Task details - Where does the word "This" occur in the entries below? Copy every line that has it.

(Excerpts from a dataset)
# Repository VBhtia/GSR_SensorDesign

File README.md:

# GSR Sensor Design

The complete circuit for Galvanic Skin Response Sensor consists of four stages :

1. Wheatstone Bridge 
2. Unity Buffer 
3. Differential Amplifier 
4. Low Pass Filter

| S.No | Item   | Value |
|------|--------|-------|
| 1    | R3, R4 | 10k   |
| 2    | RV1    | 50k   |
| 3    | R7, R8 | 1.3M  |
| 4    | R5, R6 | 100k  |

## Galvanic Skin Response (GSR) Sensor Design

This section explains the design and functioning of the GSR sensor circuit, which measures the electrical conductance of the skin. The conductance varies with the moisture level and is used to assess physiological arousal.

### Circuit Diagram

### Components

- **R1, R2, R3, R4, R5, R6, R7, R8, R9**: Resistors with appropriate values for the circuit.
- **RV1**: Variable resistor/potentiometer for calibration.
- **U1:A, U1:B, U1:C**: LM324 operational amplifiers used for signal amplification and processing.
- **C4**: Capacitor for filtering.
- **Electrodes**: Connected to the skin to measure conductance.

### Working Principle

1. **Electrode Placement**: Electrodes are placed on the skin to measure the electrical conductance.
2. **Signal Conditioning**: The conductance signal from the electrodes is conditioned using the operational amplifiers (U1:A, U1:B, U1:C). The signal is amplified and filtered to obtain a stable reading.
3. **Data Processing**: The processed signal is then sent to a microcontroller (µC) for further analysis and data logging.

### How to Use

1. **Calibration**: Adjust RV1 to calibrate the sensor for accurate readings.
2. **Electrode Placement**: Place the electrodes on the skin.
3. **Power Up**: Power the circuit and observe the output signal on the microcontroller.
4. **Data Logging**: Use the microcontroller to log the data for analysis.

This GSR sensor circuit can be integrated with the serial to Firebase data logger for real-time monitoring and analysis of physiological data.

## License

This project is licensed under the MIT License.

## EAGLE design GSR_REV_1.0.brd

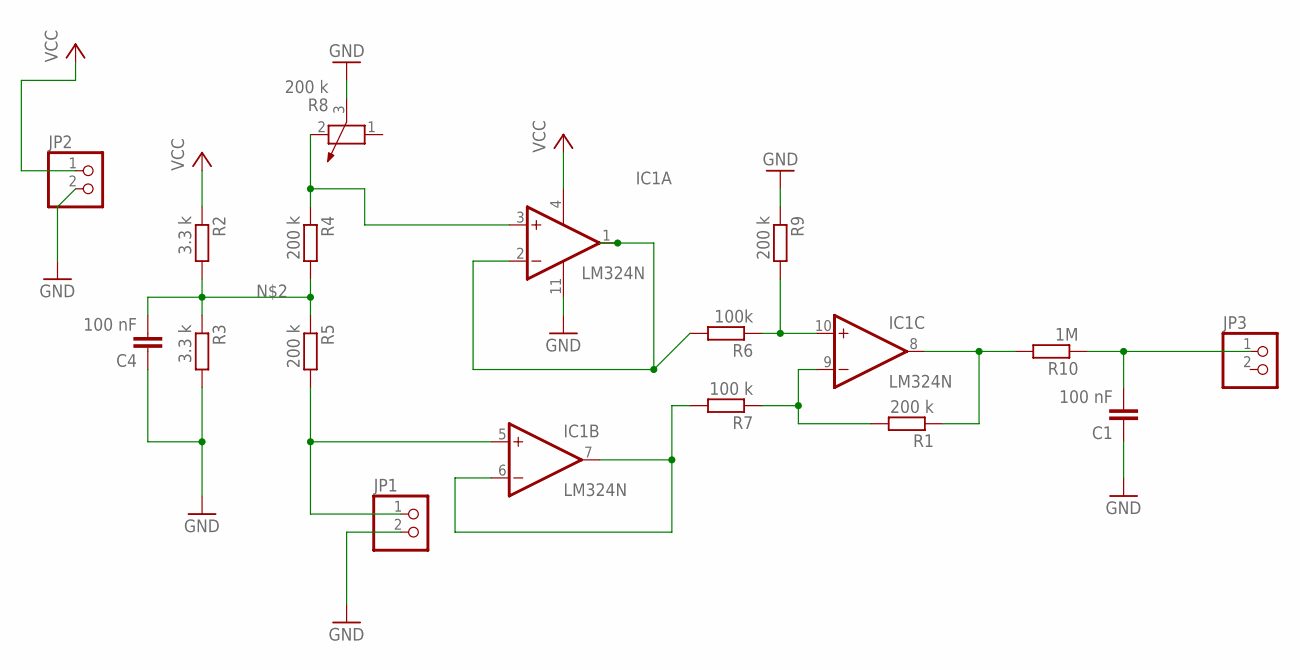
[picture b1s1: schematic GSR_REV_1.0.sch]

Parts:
C1, C4: 100 nF; C025-025X050
IC1: LM324N; DIL14
JP1, JP2, JP3: PINHD-1X2; 1X02
R1, R4, R5, R9: 200 k; 0207/12
R2, R3: 3.3 k; 0207/12
R6: 100k; 0207/12
R7: 100 k; 0207/12
R8: 200 k; PT-10
R10: 1M; 0207/12

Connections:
GND: C1.1, C4.1, IC1.11 (V-), JP1.2, JP2.2, R3.2, R8.3, R9.1
unnamed: C4.2, R2.2, R3.1, R4.2, R5.1
unnamed: IC1.3 (+IN), R4.1, R8.2
unnamed: IC1.6 (-IN), IC1.7 (OUT), R7.2
unnamed: IC1.5 (+IN), JP1.1, R5.2
unnamed: C1.2, JP3.1, R10.1
unnamed: IC1.10 (+IN), R6.1, R9.2
unnamed: IC1.9 (-IN), R1.2, R7.1
unnamed: IC1.8 (OUT), R1.1, R10.2
unnamed: IC1.1 (OUT), IC1.2 (-IN), R6.2
VCC: IC1.4 (V+), JP2.1, R2.1

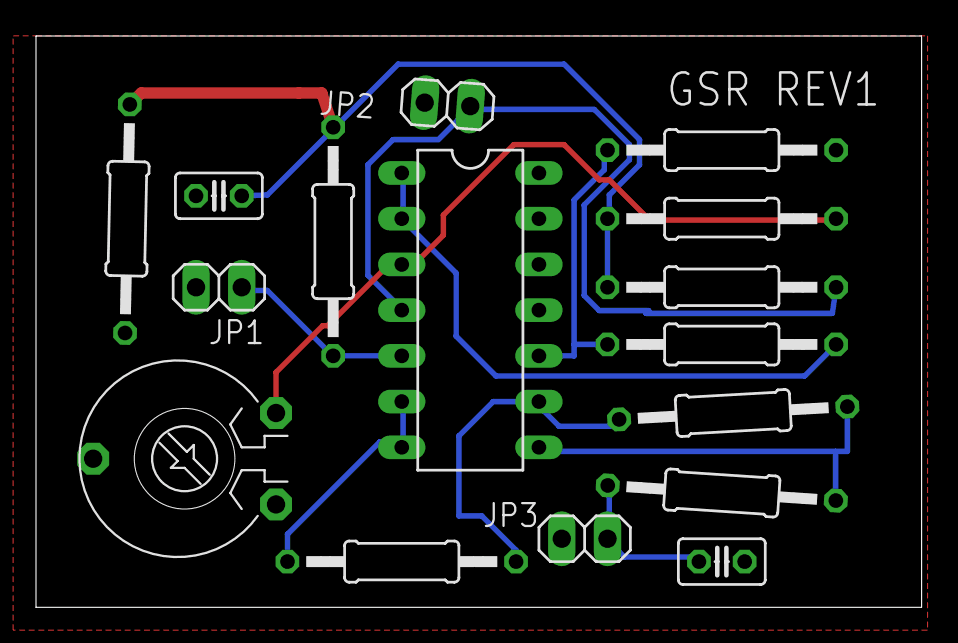
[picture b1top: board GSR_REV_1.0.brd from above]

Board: 2 copper layers, 49.2 x 31.7 mm, 16 parts (0 on the bottom side), 11 nets.

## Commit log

2020-01-25 Galvanic Skin Response Sensor Design Files

Reply -
This section explains the design and functioning of the GSR sensor circuit, which measures the electrical conductance of the skin. The conductance varies with the moisture level and is used to assess physiological arousal.
This GSR sensor circuit can be integrated with the serial to Firebase data logger for real-time monitoring and analysis of physiological data.
This project is licensed under the MIT License.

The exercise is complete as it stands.